Tuesday, August 30, 2011

The Ides of August

Irene knocks down a tree in Central Park (Mario Tama/Getty Images)
This was initially supposed to be written at the end of July or beginning of August but it got lost in the shuffle. Of course, had I managed to get it out there it would've seemed more than a bit prescient.

Reflecting on the calendar's eighth month as it approached this year, I realized that August has been a particularly stormy, eventful, and often painful month in my personal history. Or at least as far back as my journals go (four years).

August 2007 - After graduating from Pace University in May with a business degree I didn't really want, I set out to try and make some money with it for a little while. I needed to save some funds so as to execute a major cross-country move from New York to San Diego in the near future but I had no desire to wear a sycophantic suit and tie and sell my soul to some dull accounting firm. Most of my classmates immediately went into big accounting jobs in Manhattan with high salaries but I not only wanted to get away from New York City, I wanted to avoid the monotony of a regular office job at all costs.

My resistance was relatively futile. My mom brought up doing temp work and got me a brochure about it. Even though the plastic smiles and business attire of the figures on the pamphlet frightened me, I gave it a shot (I was an unemployed college grad and my parents weren't going to be patient with me mooching off their estate). Over the next few months, I worked a couple of relatively harmless and manageable positions. In July, I was doing accounting work at a chemical manufacturing plant in New Jersey working inside of a little cabin. As bad as that may sound, I enjoyed it. It was laid back, I got to eat lunch outside amid grass and trees, the people were nice and really appreciated my work. Best of all, the workload was small and I was actually able to read and write in between tasks.

Then at the end of the month, after having been acquired by a bigger firm, the company started laying people off and suddenly they had to choose between me and a secretary who had been there for 19 years. I endured the awkwardness of training her to do my job for a couple days and then was let go.

The temp agency found me a new position quickly and I was to spend the month of August working at an egg product manufacturing plant in Elizabeth, New Jersey. The job was about as shitty as you would imagine from reading that previous sentence. In fact, it was much worse.

My first day coincided with a Nor'easter storm that found me stuck in traffic on the trip from Staten Island to New Jersey and when I did finally make it over to the hideous industrial grid of Elizabeth, my destination was nowhere to be found.
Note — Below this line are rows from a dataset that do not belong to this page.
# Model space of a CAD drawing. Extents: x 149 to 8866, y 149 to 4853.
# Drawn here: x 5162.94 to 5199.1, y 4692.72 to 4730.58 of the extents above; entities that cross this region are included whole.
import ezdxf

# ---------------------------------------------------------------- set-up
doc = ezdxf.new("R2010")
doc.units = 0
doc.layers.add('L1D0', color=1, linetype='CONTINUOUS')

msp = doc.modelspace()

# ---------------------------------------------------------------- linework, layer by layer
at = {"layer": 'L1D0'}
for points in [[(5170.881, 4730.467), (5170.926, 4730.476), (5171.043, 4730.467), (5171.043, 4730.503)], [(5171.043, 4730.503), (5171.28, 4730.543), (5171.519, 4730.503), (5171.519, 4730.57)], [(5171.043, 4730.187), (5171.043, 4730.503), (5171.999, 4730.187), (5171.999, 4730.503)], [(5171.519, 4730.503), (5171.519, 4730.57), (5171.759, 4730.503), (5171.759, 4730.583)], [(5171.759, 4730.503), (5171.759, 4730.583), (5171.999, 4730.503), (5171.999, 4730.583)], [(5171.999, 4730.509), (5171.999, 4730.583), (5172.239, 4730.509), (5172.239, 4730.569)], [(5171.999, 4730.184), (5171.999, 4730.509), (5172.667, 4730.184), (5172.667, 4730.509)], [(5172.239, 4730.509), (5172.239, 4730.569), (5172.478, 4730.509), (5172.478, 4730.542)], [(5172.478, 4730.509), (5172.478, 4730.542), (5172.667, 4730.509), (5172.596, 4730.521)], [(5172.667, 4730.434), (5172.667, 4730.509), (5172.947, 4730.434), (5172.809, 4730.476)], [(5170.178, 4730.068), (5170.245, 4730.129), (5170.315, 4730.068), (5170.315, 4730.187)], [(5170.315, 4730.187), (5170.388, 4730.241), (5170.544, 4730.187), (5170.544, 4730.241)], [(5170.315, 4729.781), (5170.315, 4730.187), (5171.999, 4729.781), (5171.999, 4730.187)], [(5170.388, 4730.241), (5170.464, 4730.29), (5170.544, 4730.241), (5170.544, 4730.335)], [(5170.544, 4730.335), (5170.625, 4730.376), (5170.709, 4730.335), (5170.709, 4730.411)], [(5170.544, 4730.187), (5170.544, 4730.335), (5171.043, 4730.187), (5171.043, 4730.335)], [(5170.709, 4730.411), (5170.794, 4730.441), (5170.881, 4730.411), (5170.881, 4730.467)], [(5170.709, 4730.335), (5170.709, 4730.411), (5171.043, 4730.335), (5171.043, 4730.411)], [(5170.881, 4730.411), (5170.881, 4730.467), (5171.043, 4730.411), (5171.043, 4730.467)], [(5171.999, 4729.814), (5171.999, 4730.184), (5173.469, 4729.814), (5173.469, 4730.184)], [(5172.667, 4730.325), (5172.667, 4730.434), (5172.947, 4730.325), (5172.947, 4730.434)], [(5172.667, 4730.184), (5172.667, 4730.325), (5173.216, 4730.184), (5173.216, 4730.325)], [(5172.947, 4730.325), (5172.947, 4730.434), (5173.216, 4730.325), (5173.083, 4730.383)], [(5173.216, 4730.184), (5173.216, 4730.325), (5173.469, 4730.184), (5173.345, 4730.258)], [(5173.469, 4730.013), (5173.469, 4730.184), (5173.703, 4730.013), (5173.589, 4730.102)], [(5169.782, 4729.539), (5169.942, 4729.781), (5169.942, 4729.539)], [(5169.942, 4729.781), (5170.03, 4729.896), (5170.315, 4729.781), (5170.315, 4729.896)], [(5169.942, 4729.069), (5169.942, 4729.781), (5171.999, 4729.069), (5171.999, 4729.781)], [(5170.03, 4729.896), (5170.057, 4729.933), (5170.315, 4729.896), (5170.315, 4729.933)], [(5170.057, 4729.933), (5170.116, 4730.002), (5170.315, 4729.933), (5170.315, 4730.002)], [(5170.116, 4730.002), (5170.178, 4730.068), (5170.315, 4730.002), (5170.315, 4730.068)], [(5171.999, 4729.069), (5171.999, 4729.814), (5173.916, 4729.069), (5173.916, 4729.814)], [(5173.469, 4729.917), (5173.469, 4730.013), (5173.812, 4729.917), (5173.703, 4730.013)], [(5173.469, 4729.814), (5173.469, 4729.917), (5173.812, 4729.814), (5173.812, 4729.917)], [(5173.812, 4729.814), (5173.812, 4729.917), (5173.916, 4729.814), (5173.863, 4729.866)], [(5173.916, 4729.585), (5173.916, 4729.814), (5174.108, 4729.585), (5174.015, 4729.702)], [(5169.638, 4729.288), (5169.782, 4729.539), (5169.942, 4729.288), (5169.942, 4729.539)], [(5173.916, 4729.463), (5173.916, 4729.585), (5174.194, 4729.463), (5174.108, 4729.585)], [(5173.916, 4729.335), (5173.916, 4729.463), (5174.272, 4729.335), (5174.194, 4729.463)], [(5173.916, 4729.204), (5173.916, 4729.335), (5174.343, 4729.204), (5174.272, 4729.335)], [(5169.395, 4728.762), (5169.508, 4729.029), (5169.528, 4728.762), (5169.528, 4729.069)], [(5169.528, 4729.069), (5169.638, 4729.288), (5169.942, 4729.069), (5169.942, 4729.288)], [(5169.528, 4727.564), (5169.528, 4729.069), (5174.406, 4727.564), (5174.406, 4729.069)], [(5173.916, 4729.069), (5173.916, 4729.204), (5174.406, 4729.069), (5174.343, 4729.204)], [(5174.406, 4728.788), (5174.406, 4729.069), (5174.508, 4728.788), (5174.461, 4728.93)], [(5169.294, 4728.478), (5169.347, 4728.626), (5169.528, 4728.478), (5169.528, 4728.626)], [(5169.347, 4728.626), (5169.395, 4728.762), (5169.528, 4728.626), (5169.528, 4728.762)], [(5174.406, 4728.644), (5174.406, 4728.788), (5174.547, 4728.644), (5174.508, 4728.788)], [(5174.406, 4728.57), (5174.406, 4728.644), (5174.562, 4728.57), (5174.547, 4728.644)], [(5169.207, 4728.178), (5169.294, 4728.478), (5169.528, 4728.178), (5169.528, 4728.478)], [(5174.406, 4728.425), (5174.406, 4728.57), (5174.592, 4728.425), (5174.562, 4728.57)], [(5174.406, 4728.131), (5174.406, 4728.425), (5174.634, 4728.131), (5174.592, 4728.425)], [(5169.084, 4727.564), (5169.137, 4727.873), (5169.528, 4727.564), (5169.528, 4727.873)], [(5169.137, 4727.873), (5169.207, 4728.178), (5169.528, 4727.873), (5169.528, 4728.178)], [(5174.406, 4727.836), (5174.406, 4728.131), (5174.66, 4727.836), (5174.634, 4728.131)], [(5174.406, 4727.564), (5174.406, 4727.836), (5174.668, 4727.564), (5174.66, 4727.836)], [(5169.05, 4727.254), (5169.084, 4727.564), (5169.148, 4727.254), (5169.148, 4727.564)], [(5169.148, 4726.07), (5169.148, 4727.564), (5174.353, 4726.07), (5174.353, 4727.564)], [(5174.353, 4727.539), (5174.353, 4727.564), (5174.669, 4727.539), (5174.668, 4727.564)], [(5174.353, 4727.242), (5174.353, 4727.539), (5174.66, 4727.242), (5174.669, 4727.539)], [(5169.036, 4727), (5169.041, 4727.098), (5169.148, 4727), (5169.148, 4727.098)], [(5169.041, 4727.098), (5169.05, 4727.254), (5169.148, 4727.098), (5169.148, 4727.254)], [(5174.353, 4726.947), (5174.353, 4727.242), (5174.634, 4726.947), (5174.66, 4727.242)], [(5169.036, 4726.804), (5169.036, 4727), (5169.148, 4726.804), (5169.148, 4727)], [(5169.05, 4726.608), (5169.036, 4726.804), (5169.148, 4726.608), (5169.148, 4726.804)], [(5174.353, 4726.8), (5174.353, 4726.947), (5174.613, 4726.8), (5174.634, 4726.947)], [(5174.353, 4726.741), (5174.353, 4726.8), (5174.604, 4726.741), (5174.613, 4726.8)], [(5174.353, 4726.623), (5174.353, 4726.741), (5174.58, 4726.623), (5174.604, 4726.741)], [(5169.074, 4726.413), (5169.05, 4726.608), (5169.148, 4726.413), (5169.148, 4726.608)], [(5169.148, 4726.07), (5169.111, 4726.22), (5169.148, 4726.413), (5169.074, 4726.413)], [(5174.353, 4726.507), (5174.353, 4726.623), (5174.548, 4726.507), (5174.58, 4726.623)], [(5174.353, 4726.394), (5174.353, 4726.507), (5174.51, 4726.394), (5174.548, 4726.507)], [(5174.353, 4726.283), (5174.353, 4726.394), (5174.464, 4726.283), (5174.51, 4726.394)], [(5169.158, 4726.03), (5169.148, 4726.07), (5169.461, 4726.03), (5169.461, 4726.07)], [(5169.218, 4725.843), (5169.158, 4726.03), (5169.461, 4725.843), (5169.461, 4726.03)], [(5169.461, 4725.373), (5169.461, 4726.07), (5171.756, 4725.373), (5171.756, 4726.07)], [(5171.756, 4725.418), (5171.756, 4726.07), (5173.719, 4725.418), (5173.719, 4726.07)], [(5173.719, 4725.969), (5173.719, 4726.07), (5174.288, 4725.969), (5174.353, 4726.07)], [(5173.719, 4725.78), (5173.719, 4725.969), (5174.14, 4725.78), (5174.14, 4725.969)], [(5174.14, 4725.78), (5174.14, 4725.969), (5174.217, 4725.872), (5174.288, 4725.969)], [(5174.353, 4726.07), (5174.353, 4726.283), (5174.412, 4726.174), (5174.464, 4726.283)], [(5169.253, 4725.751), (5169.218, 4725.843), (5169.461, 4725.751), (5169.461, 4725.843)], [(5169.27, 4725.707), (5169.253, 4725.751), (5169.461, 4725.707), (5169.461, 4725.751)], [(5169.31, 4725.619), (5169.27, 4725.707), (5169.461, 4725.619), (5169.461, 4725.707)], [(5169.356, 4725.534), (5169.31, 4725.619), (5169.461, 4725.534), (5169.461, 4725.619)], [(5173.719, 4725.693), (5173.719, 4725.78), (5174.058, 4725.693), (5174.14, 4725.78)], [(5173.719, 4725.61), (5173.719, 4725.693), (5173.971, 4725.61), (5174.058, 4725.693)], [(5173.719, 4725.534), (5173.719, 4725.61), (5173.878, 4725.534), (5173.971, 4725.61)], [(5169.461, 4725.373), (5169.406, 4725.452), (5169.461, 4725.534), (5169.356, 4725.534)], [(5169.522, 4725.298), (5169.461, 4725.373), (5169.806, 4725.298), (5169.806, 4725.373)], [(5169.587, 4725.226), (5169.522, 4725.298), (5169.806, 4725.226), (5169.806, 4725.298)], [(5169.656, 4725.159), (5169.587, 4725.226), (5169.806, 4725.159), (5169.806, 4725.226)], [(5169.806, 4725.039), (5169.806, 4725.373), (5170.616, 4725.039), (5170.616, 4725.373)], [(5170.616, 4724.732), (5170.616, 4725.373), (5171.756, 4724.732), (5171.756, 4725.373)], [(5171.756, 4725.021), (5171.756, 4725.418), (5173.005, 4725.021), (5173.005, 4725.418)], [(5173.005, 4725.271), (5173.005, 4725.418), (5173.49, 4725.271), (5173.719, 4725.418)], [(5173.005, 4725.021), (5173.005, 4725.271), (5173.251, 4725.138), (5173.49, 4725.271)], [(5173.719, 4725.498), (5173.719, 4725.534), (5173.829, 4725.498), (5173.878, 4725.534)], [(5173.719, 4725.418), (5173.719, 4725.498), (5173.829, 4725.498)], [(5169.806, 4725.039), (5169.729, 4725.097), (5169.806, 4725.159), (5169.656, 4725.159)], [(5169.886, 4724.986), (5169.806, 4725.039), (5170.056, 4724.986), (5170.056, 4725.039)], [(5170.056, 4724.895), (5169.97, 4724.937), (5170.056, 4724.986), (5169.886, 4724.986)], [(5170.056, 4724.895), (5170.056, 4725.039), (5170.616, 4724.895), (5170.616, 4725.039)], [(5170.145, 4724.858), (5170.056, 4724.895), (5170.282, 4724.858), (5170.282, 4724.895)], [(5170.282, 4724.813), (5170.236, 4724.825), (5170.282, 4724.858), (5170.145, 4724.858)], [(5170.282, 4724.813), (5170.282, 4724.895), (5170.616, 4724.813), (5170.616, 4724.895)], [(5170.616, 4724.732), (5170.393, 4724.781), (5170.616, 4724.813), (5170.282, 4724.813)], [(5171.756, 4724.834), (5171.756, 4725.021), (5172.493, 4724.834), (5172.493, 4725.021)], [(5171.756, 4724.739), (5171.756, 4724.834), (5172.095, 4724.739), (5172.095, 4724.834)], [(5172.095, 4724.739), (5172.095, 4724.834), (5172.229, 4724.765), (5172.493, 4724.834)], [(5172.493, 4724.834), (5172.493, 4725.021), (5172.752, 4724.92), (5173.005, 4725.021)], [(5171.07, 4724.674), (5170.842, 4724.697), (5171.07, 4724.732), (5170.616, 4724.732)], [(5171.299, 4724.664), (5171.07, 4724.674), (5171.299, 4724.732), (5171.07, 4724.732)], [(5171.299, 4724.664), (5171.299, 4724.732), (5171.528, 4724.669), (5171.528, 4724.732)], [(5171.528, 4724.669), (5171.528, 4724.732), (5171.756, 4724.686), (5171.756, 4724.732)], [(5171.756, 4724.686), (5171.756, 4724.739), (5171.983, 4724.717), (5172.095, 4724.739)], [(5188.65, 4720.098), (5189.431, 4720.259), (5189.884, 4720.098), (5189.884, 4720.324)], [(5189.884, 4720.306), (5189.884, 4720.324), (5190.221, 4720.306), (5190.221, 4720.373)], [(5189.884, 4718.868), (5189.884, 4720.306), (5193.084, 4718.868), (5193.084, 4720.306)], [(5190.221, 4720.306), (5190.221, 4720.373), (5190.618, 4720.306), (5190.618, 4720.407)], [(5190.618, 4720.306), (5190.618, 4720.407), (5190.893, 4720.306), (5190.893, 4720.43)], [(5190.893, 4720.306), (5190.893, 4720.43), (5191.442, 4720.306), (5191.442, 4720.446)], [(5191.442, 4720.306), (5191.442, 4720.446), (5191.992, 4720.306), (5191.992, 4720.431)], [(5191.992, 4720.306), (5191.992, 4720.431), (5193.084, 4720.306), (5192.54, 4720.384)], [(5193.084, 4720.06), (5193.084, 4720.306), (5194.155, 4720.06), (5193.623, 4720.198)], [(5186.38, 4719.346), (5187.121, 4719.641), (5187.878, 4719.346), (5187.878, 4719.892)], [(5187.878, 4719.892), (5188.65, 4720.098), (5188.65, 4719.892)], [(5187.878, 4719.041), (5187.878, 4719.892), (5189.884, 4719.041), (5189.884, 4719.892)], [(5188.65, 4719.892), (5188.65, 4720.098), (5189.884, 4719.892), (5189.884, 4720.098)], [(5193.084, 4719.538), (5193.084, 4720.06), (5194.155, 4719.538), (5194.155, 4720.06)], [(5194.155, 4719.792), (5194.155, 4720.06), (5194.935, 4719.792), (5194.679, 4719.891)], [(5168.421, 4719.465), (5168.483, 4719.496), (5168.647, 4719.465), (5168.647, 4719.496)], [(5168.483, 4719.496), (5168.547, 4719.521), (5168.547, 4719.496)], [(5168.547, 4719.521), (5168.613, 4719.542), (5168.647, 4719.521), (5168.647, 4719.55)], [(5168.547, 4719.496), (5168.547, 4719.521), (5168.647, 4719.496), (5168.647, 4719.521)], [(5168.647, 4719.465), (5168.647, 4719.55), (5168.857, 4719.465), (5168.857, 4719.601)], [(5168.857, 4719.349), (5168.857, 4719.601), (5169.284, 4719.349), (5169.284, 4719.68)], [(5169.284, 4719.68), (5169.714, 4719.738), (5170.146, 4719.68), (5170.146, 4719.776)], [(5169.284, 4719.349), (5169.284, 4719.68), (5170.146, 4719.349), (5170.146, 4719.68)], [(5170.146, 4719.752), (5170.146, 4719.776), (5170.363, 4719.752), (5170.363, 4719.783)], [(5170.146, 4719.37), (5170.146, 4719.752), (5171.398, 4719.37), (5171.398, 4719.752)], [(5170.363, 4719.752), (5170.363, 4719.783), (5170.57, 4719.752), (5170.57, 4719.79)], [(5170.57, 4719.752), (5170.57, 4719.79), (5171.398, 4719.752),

I drove around the supposed address a few times screaming curses and stressing out before parking somewhere and calling the temp agency as the skies poured a steady dump of water on my windshield. Apparently, the business had changed their name but didn't bother to change any of the signs displayed outside.

After parking in the crunchy, muddled mess of a rocky parking lot, I stepped knee-deep into a puddle before failing to locate the door to the warehouse where I was to spend the next four weeks. When I did finally make it inside I was soaking wet and an hour late. The warehouse was dark and stunk like eggs. The office where I would work was situated in a little box within the warehouse. They didn't really care how late I was and immediately put me to work.

The job itself was ridiculously easy, leaving me way too much free time after finishing my workload by late morning. My boss was a bipolar Vietnam vet who would often bounce from jovial laughter to furious screaming within the same breath, something I've never encountered before or since. I worked alongside the warehouse forklift drivers, a couple of ex-convicts who treated me like a new piece of meat in prison and constantly, til the very end, gave me shit because I wasn't doing "real" (i.e., physical) work and got to sit at a desk most of the day.

Without even taking into consideration the terrible commute each day (standstill traffic morning and afternoon every single day as cars squeezed onto the narrow Goethals Bridge), it was an absolute nightmare. I was stuck there for the entire month of August before managing to escape in September to one of the best jobs I've ever worked.

August 2008 - Not nearly as bad as some other Augusts, this one was still memorable.

I had been living in San Diego for two months without having established myself at all aside from moving into a little studio apartment. No job, no friends, no idea what the hell I was doing with my life. When I left New York, I only put thought into the journey (a 10-day road trip across 15 states) and focused on getting myself safely to the other side. The rest would figure itself out.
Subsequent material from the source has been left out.